What are Vectors?

Vectors, in mathematics, are those quantities that tell us about the distance along with the direction whereas scalars are those quantities that tell us only about the length and not about the direction. The length in other words is called magnitude as it talks about the size.

What is the Difference between Scalars and Vectors?

Imagine you and your friend are asked to throw a ball as far as you can. It is your choice to throw it wherever you want. On scaling, it was found that your friend has thrown it a hundred meters away whereas you have thrown it 110 meters away. Since you have thrown with more velocity, the ball has reached far. Now you have won the match. There is no other instruction given to you. Now, this is a scalar quantity because it is about the magnitude.

But if someone asks you to throw the ball to the right side of where you are standing, you have to throw it in this particular direction with greater velocity to win the game. Here, not only the distance at which you throw the ball matters but also the direction in which it was thrown. This is a vector quantity.

In other words, scalars are represented by numbers whereas vectors are represented by numbers and direction.

What are Examples of Vectors?

Force is an example of vectors. It acts in some direction. The magnitude here would be the strength that is applied for pushing an object forward or pulling something backward. The velocity of a moving object tells about the speed at which the object is moving. Here, the magnitude is the speed. For example, the velocity of a car as the object moves in some direction. Thus, velocity is a two-dimensional vector quantity because velocity has both speed and direction. This can be represented as Cartesian coordinates with x coordinate and y coordinate representing the length and the direction.

The only vector which has no magnitude is the zero vector as it has no length. For this, the direction is not defined.

If the magnitude of a vector is one in some direction, then it is called a unit vector.

Is speed a vector? The answer is no because it only has magnitude. There is no direction for speed. So it is a scalar. Can you think of some more examples of scalars and vectors other than speed, force, and velocity? Is the height of an object a scalar or a vector?

"Vectors representation”

A vector starts at a point and ends in a point. It is shown as an arrow with a head and a tail. The tail of the vector is the starting point and the head is the ending point. It is represented as a directed line segment. The arrow shows the direction in which the objects move. If the arrow is at the right end of the line, the object moves towards the right side. If the arrow is at the left end of the line, the object moves towards the left side.

Position Vector

You might have a cone-shaped bell in schools with a rod inside it. As the rod bangs the sides of the bell, some sound is produced. The rod has one end fixed to the top and the other end oscillates. Suppose the rod is 15 centimeters long. As the rod moves, the vector will change in direction. It is a vector quantity as it has length and it can change in direction.  It describes the position of the vector. Similarly, the length of a vector can change or both length and direction can changes.

Vector Addition

Suppose that your friend gives you the address to reach a library to take a text-book which is at point C. He instructs you to go 9 kilometers north to reach point B and 5 km east to reach point C from your home which is at point A. Now the two vectors are 9 and 5 given along with the direction. But drawing these points and joining the lines makes a right-angled triangle. What is the distance between points A and C? The Pythagorean theorem helps us to find this easily. How vectors are added?

Take the sum of the squares of the length and take the square root of the sum. The distance is 10.3 kilometers. The direction is measured using a protractor. Here, the direction is in angle. This method is called as a head-to-tail method for vector addition. The tail of A and the head of C is connected to form a new line and its length is calculated.

This is how vector addition is done.

" Vector addition"

Note: The addition of vectors is commutative, i.e., the order of addition does not affect the sum of the vectors.

" Commutativity"

Subtraction of Two Vectors

Like vector addition, let us see vector subtraction. Suppose that you are going to the park and you meet your friend who is coming from the opposite direction. The opposite direction of a vector is considered to be a negative vector. Adding a positive vector and a negative vector gives the subtraction of two vectors.

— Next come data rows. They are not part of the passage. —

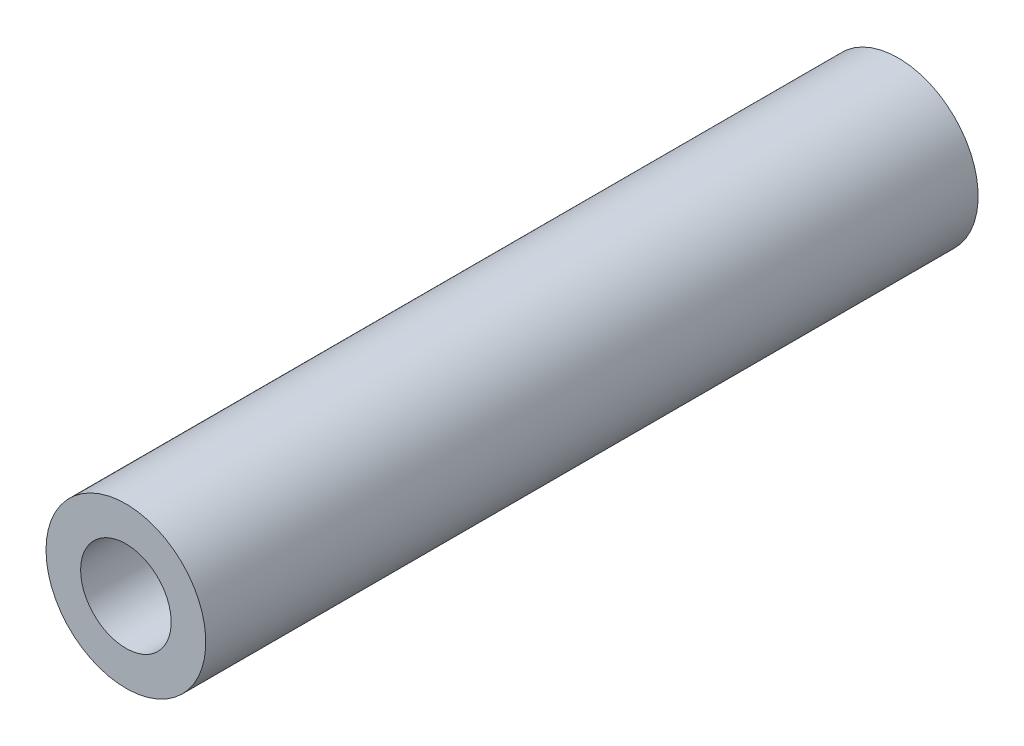
ISO-10303-21;
HEADER;
FILE_DESCRIPTION(('STEP AP214'),'2;1');
FILE_NAME('part.step','',(''),(''),'','','');
FILE_SCHEMA(('AUTOMOTIVE_DESIGN { 1 0 10303 214 1 1 1 1 }'));
ENDSEC;
DATA;
#1=APPLICATION_CONTEXT('core data for automotive mechanical design processes');
#2=APPLICATION_PROTOCOL_DEFINITION('international standard','automotive_design',2000,#1);
#3=PRODUCT_CONTEXT('',#1,'mechanical');
#4=PRODUCT('Part','Part','',(#3));
#5=PRODUCT_RELATED_PRODUCT_CATEGORY('part','',(#4));
#6=PRODUCT_DEFINITION_FORMATION('','',#4);
#7=PRODUCT_DEFINITION_CONTEXT('part definition',#1,'design');
#8=PRODUCT_DEFINITION('design','',#6,#7);
#9=PRODUCT_DEFINITION_SHAPE('','',#8);
#10=(LENGTH_UNIT() NAMED_UNIT(*) SI_UNIT(.MILLI.,.METRE.));
#11=(NAMED_UNIT(*) PLANE_ANGLE_UNIT() SI_UNIT($,.RADIAN.));
#12=(NAMED_UNIT(*) SI_UNIT($,.STERADIAN.) SOLID_ANGLE_UNIT());
#13=UNCERTAINTY_MEASURE_WITH_UNIT(LENGTH_MEASURE(1.E-05),#10,'distance_accuracy_value','');
#14=(GEOMETRIC_REPRESENTATION_CONTEXT(3) GLOBAL_UNCERTAINTY_ASSIGNED_CONTEXT((#13)) GLOBAL_UNIT_ASSIGNED_CONTEXT((#10,
#11,#12)) REPRESENTATION_CONTEXT('',''));
#15=CARTESIAN_POINT('',(0.,0.,0.));
#16=DIRECTION('',(0.,0.,1.));
#17=DIRECTION('',(1.,0.,0.));
#18=AXIS2_PLACEMENT_3D('',#15,#16,#17);
#19=CARTESIAN_POINT('',(0.,0.,29.));
#20=DIRECTION('',(0.,0.,1.));
#21=DIRECTION('',(1.,0.,0.));
#22=AXIS2_PLACEMENT_3D('',#19,#20,#21);
#23=PLANE('',#22);
#24=CARTESIAN_POINT('',(0.,0.,29.));
#25=DIRECTION('',(0.,0.,1.));
#26=DIRECTION('',(1.,0.,0.));
#27=AXIS2_PLACEMENT_3D('',#24,#25,#26);
#28=CIRCLE('',#27,3.);
#29=CARTESIAN_POINT('',(-3.,0.,29.));
#30=VERTEX_POINT('',#29);
#31=EDGE_CURVE('E10',#30,#30,#28,.T.);
#32=ORIENTED_EDGE('',*,*,#31,.T.);
#33=EDGE_LOOP('',(#32));
#34=FACE_BOUND('',#33,.T.);
#35=CARTESIAN_POINT('',(0.,0.,29.));
#36=DIRECTION('',(0.,0.,1.));
#37=DIRECTION('',(1.,0.,0.));
#38=AXIS2_PLACEMENT_3D('',#35,#36,#37);
#39=CIRCLE('',#38,1.7);
#40=CARTESIAN_POINT('',(-1.7,0.,29.));
#41=VERTEX_POINT('',#40);
#42=EDGE_CURVE('E48',#41,#41,#39,.T.);
#43=ORIENTED_EDGE('',*,*,#42,.F.);
#44=EDGE_LOOP('',(#43));
#45=FACE_BOUND('',#44,.T.);
#46=ADVANCED_FACE('F40',(#34,#45),#23,.T.);
#47=CARTESIAN_POINT('',(0.,0.,0.));
#48=DIRECTION('',(0.,0.,1.));
#49=DIRECTION('',(1.,0.,0.));
#50=AXIS2_PLACEMENT_3D('',#47,#48,#49);
#51=PLANE('',#50);
#52=CARTESIAN_POINT('',(0.,0.,0.));
#53=DIRECTION('',(0.,0.,1.));
#54=DIRECTION('',(1.,0.,0.));
#55=AXIS2_PLACEMENT_3D('',#52,#53,#54);
#56=CIRCLE('',#55,3.);
#57=CARTESIAN_POINT('',(-3.,0.,0.));
#58=VERTEX_POINT('',#57);
#59=EDGE_CURVE('E41',#58,#58,#56,.T.);
#60=ORIENTED_EDGE('',*,*,#59,.F.);
#61=EDGE_LOOP('',(#60));
#62=FACE_BOUND('',#61,.T.);
#63=CARTESIAN_POINT('',(0.,0.,0.));
#64=DIRECTION('',(0.,0.,1.));
#65=DIRECTION('',(1.,0.,0.));
#66=AXIS2_PLACEMENT_3D('',#63,#64,#65);
#67=CIRCLE('',#66,1.7);
#68=CARTESIAN_POINT('',(-1.7,0.,0.));
#69=VERTEX_POINT('',#68);
#70=EDGE_CURVE('E49',#69,#69,#67,.T.);
#71=ORIENTED_EDGE('',*,*,#70,.T.);
#72=EDGE_LOOP('',(#71));
#73=FACE_BOUND('',#72,.T.);
#74=ADVANCED_FACE('F58',(#62,#73),#51,.F.);
#75=CARTESIAN_POINT('',(0.,0.,29.));
#76=DIRECTION('',(0.,0.,-1.));
#77=DIRECTION('',(-1.,0.,0.));
#78=AXIS2_PLACEMENT_3D('',#75,#76,#77);
#79=CYLINDRICAL_SURFACE('',#78,3.);
#80=CARTESIAN_POINT('',(-3.,0.,29.));
#81=CARTESIAN_POINT('',(-3.,0.,28.6979166666667));
#82=CARTESIAN_POINT('',(-3.,0.,28.3958333333333));
#83=CARTESIAN_POINT('',(-3.,0.,27.7916666666667));
#84=CARTESIAN_POINT('',(-3.,0.,27.4895833333333));
#85=CARTESIAN_POINT('',(-3.,0.,26.8854166666667));
#86=CARTESIAN_POINT('',(-3.,0.,26.5833333333333));
#87=CARTESIAN_POINT('',(-3.,0.,25.9791666666667));
#88=CARTESIAN_POINT('',(-3.,0.,25.6770833333333));
#89=CARTESIAN_POINT('',(-3.,0.,25.0729166666667));
#90=CARTESIAN_POINT('',(-3.,0.,24.7708333333333));
#91=CARTESIAN_POINT('',(-3.,0.,24.1666666666667));
#92=CARTESIAN_POINT('',(-3.,0.,23.8645833333333));
#93=CARTESIAN_POINT('',(-3.,0.,23.2604166666667));
#94=CARTESIAN_POINT('',(-3.,0.,22.9583333333333));
#95=CARTESIAN_POINT('',(-3.,0.,22.3541666666667));
#96=CARTESIAN_POINT('',(-3.,0.,22.0520833333333));
#97=CARTESIAN_POINT('',(-3.,0.,21.4479166666667));
#98=CARTESIAN_POINT('',(-3.,0.,21.1458333333333));
#99=CARTESIAN_POINT('',(-3.,0.,20.5416666666667));
#100=CARTESIAN_POINT('',(-3.,0.,20.2395833333333));
#101=CARTESIAN_POINT('',(-3.,0.,19.6354166666667));
#102=CARTESIAN_POINT('',(-3.,0.,19.3333333333333));
#103=CARTESIAN_POINT('',(-3.,0.,18.7291666666667));
#104=CARTESIAN_POINT('',(-3.,0.,18.4270833333333));
#105=CARTESIAN_POINT('',(-3.,0.,17.8229166666667));
#106=CARTESIAN_POINT('',(-3.,0.,17.5208333333333));
#107=CARTESIAN_POINT('',(-3.,0.,16.9166666666667));
#108=CARTESIAN_POINT('',(-3.,0.,16.6145833333333));
#109=CARTESIAN_POINT('',(-3.,0.,16.0104166666667));
#110=CARTESIAN_POINT('',(-3.,0.,15.7083333333333));
#111=CARTESIAN_POINT('',(-3.,0.,15.1041666666667));
#112=CARTESIAN_POINT('',(-3.,0.,14.8020833333333));
#113=CARTESIAN_POINT('',(-3.,0.,14.1979166666667));
#114=CARTESIAN_POINT('',(-3.,0.,13.8958333333333));
#115=CARTESIAN_POINT('',(-3.,0.,13.2916666666667));
#116=CARTESIAN_POINT('',(-3.,0.,12.9895833333333));
#117=CARTESIAN_POINT('',(-3.,0.,12.3854166666667));
#118=CARTESIAN_POINT('',(-3.,0.,12.0833333333333));
#119=CARTESIAN_POINT('',(-3.,0.,11.4791666666667));
#120=CARTESIAN_POINT('',(-3.,0.,11.1770833333333));
#121=CARTESIAN_POINT('',(-3.,0.,10.5729166666667));
#122=CARTESIAN_POINT('',(-3.,0.,10.2708333333333));
#123=CARTESIAN_POINT('',(-3.,0.,9.66666666666667));
#124=CARTESIAN_POINT('',(-3.,0.,9.36458333333333));
#125=CARTESIAN_POINT('',(-3.,0.,8.76041666666667));
#126=CARTESIAN_POINT('',(-3.,0.,8.45833333333333));
#127=CARTESIAN_POINT('',(-3.,0.,7.85416666666667));
#128=CARTESIAN_POINT('',(-3.,0.,7.55208333333333));
#129=CARTESIAN_POINT('',(-3.,0.,6.94791666666667));
#130=CARTESIAN_POINT('',(-3.,0.,6.64583333333333));
#131=CARTESIAN_POINT('',(-3.,0.,6.04166666666667));
#132=CARTESIAN_POINT('',(-3.,0.,5.73958333333333));
#133=CARTESIAN_POINT('',(-3.,0.,5.13541666666667));
#134=CARTESIAN_POINT('',(-3.,0.,4.83333333333333));
#135=CARTESIAN_POINT('',(-3.,0.,4.22916666666667));
#136=CARTESIAN_POINT('',(-3.,0.,3.92708333333333));
#137=CARTESIAN_POINT('',(-3.,0.,3.32291666666667));
#138=CARTESIAN_POINT('',(-3.,0.,3.02083333333333));
#139=CARTESIAN_POINT('',(-3.,0.,2.41666666666667));
#140=CARTESIAN_POINT('',(-3.,0.,2.11458333333333));
#141=CARTESIAN_POINT('',(-3.,0.,1.51041666666667));
#142=CARTESIAN_POINT('',(-3.,0.,1.20833333333333));
#143=CARTESIAN_POINT('',(-3.,0.,0.604166666666667));
#144=CARTESIAN_POINT('',(-3.,0.,0.302083333333333));
#145=CARTESIAN_POINT('',(-3.,0.,0.));
#146=B_SPLINE_CURVE_WITH_KNOTS('',3,(#80,#81,#82,#83,#84,#85,#86,#87,#88,#89,#90,#91,#92,#93,
#94,#95,#96,#97,#98,#99,#100,#101,#102,#103,#104,#105,#106,#107,#108,#109,#110,#111,#112,#113,
#114,#115,#116,#117,#118,#119,#120,#121,#122,#123,#124,#125,#126,#127,#128,#129,#130,#131,#132,
#133,#134,#135,#136,#137,#138,#139,#140,#141,#142,#143,#144,#145),.UNSPECIFIED.,.F.,.F.,(4,2,2,
2,2,2,2,2,2,2,2,2,2,2,2,2,2,2,2,2,2,2,2,2,2,2,2,2,2,2,2,2,4),(0.,0.906249999999997,1.8125,
2.71875,3.625,4.53125,5.4375,6.34375,7.25,8.15625,9.0625,9.96875,10.875,11.78125,12.6875,
13.59375,14.5,15.40625,16.3125,17.21875,18.125,19.03125,19.9375,20.84375,21.75,22.65625,23.5625,
24.46875,25.375,26.28125,27.1875,28.09375,29.),.UNSPECIFIED.);
#147=EDGE_CURVE('BSEAM39',#30,#58,#146,.T.);
#148=ORIENTED_EDGE('',*,*,#31,.F.);
#149=ORIENTED_EDGE('',*,*,#59,.T.);
#150=ORIENTED_EDGE('',*,*,#147,.T.);
#151=ORIENTED_EDGE('',*,*,#147,.F.);
#152=EDGE_LOOP('',(#148,#150,#149,#151));
#153=FACE_BOUND('',#152,.T.);
#154=ADVANCED_FACE('F39',(#153),#79,.T.);
#155=CARTESIAN_POINT('',(0.,0.,29.));
#156=DIRECTION('',(0.,0.,-1.));
#157=DIRECTION('',(-1.,0.,0.));
#158=AXIS2_PLACEMENT_3D('',#155,#156,#157);
#159=CYLINDRICAL_SURFACE('',#158,1.7);
#160=CARTESIAN_POINT('',(-1.7,0.,29.));
#161=CARTESIAN_POINT('',(-1.7,0.,28.6979166666667));
#162=CARTESIAN_POINT('',(-1.7,0.,28.3958333333333));
#163=CARTESIAN_POINT('',(-1.7,0.,27.7916666666667));
#164=CARTESIAN_POINT('',(-1.7,0.,27.4895833333333));
#165=CARTESIAN_POINT('',(-1.7,0.,26.8854166666667));
#166=CARTESIAN_POINT('',(-1.7,0.,26.5833333333333));
#167=CARTESIAN_POINT('',(-1.7,0.,25.9791666666667));
#168=CARTESIAN_POINT('',(-1.7,0.,25.6770833333333));
#169=CARTESIAN_POINT('',(-1.7,0.,25.0729166666667));
#170=CARTESIAN_POINT('',(-1.7,0.,24.7708333333333));
#171=CARTESIAN_POINT('',(-1.7,0.,24.1666666666667));
#172=CARTESIAN_POINT('',(-1.7,0.,23.8645833333333));
#173=CARTESIAN_POINT('',(-1.7,0.,23.2604166666667));
#174=CARTESIAN_POINT('',(-1.7,0.,22.9583333333333));
#175=CARTESIAN_POINT('',(-1.7,0.,22.3541666666667));
#176=CARTESIAN_POINT('',(-1.7,0.,22.0520833333333));
#177=CARTESIAN_POINT('',(-1.7,0.,21.4479166666667));
#178=CARTESIAN_POINT('',(-1.7,0.,21.1458333333333));
#179=CARTESIAN_POINT('',(-1.7,0.,20.5416666666667));
#180=CARTESIAN_POINT('',(-1.7,0.,20.2395833333333));
#181=CARTESIAN_POINT('',(-1.7,0.,19.6354166666667));
#182=CARTESIAN_POINT('',(-1.7,0.,19.3333333333333));
#183=CARTESIAN_POINT('',(-1.7,0.,18.7291666666667));
#184=CARTESIAN_POINT('',(-1.7,0.,18.4270833333333));
#185=CARTESIAN_POINT('',(-1.7,0.,17.8229166666667));
#186=CARTESIAN_POINT('',(-1.7,0.,17.5208333333333));
#187=CARTESIAN_POINT('',(-1.7,0.,16.9166666666667));
#188=CARTESIAN_POINT('',(-1.7,0.,16.6145833333333));
#189=CARTESIAN_POINT('',(-1.7,0.,16.0104166666667));
#190=CARTESIAN_POINT('',(-1.7,0.,15.7083333333333));
#191=CARTESIAN_POINT('',(-1.7,0.,15.1041666666667));
#192=CARTESIAN_POINT('',(-1.7,0.,14.8020833333333));
#193=CARTESIAN_POINT('',(-1.7,0.,14.1979166666667));
#194=CARTESIAN_POINT('',(-1.7,0.,13.8958333333333));
#195=CARTESIAN_POINT('',(-1.7,0.,13.2916666666667));
#196=CARTESIAN_POINT('',(-1.7,0.,12.9895833333333));
#197=CARTESIAN_POINT('',(-1.7,0.,12.3854166666667));
#198=CARTESIAN_POINT('',(-1.7,0.,12.0833333333333));
#199=CARTESIAN_POINT('',(-1.7,0.,11.4791666666667));
#200=CARTESIAN_POINT('',(-1.7,0.,11.1770833333333));
#201=CARTESIAN_POINT('',(-1.7,0.,10.5729166666667));
#202=CARTESIAN_POINT('',(-1.7,0.,10.2708333333333));
#203=CARTESIAN_POINT('',(-1.7,0.,9.66666666666667));
#204=CARTESIAN_POINT('',(-1.7,0.,9.36458333333333));
#205=CARTESIAN_POINT('',(-1.7,0.,8.76041666666667));
#206=CARTESIAN_POINT('',(-1.7,0.,8.45833333333333));
#207=CARTESIAN_POINT('',(-1.7,0.,7.85416666666667));
#208=CARTESIAN_POINT('',(-1.7,0.,7.55208333333333));
#209=CARTESIAN_POINT('',(-1.7,0.,6.94791666666667));
#210=CARTESIAN_POINT('',(-1.7,0.,6.64583333333333));
#211=CARTESIAN_POINT('',(-1.7,0.,6.04166666666667));
#212=CARTESIAN_POINT('',(-1.7,0.,5.73958333333333));
#213=CARTESIAN_POINT('',(-1.7,0.,5.13541666666667));
#214=CARTESIAN_POINT('',(-1.7,0.,4.83333333333333));
#215=CARTESIAN_POINT('',(-1.7,0.,4.22916666666667));
#216=CARTESIAN_POINT('',(-1.7,0.,3.92708333333333));
#217=CARTESIAN_POINT('',(-1.7,0.,3.32291666666667));
#218=CARTESIAN_POINT('',(-1.7,0.,3.02083333333333));
#219=CARTESIAN_POINT('',(-1.7,0.,2.41666666666667));
#220=CARTESIAN_POINT('',(-1.7,0.,2.11458333333333));
#221=CARTESIAN_POINT('',(-1.7,0.,1.51041666666667));
#222=CARTESIAN_POINT('',(-1.7,0.,1.20833333333333));
#223=CARTESIAN_POINT('',(-1.7,0.,0.604166666666667));
#224=CARTESIAN_POINT('',(-1.7,0.,0.302083333333333));
#225=CARTESIAN_POINT('',(-1.7,0.,0.));
#226=B_SPLINE_CURVE_WITH_KNOTS('',3,(#160,#161,#162,#163,#164,#165,#166,#167,#168,#169,#170,
#171,#172,#173,#174,#175,#176,#177,#178,#179,#180,#181,#182,#183,#184,#185,#186,#187,#188,#189,
#190,#191,#192,#193,#194,#195,#196,#197,#198,#199,#200,#201,#202,#203,#204,#205,#206,#207,#208,
#209,#210,#211,#212,#213,#214,#215,#216,#217,#218,#219,#220,#221,#222,#223,#224,#225),
.UNSPECIFIED.,.F.,.F.,(4,2,2,2,2,2,2,2,2,2,2,2,2,2,2,2,2,2,2,2,2,2,2,2,2,2,2,2,2,2,2,2,4),(0.,
0.906249999999997,1.8125,2.71875,3.625,4.53125,5.4375,6.34375,7.25,8.15625,9.0625,9.96875,
10.875,11.78125,12.6875,13.59375,14.5,15.40625,16.3125,17.21875,18.125,19.03125,19.9375,
20.84375,21.75,22.65625,23.5625,24.46875,25.375,26.28125,27.1875,28.09375,29.),.UNSPECIFIED.);
#227=EDGE_CURVE('BSEAM57',#41,#69,#226,.T.);
#228=ORIENTED_EDGE('',*,*,#42,.T.);
#229=ORIENTED_EDGE('',*,*,#70,.F.);
#230=ORIENTED_EDGE('',*,*,#227,.T.);
#231=ORIENTED_EDGE('',*,*,#227,.F.);
#232=EDGE_LOOP('',(#228,#230,#229,#231));
#233=FACE_BOUND('',#232,.T.);
#234=ADVANCED_FACE('F57',(#233),#159,.F.);
#235=CLOSED_SHELL('',(#46,#74,#154,#234));
#236=MANIFOLD_SOLID_BREP('B2',#235);
#237=ADVANCED_BREP_SHAPE_REPRESENTATION('',(#18,#236),#14);
#238=SHAPE_DEFINITION_REPRESENTATION(#9,#237);
ENDSEC;
END-ISO-10303-21;

In a real line, if you move to the left, the value of the numbers decreases. And, when you move to the right, the numbers keep increasing.

Vector Components

To solve a vector, we can split it as a horizontal component and a vertical component. As we saw the right-angled triangle above, consider the vector AC and break it as AB and AC. The horizontal component would be the component AB and the vertical component would be the component BC.

When are Two Vectors Parallel?

Suppose you are walking three times the distance your friend has walked in a straight road. If the distance you have covered is ‘a’ and the distance covered by your friend is ‘b’, then your distance can be written as multiplying ‘b’ three times. For example, 9 is a multiple of 3. That is, multiplying three times three gives 9. Then the vectors ‘a’ and ‘b’ are said to be parallel.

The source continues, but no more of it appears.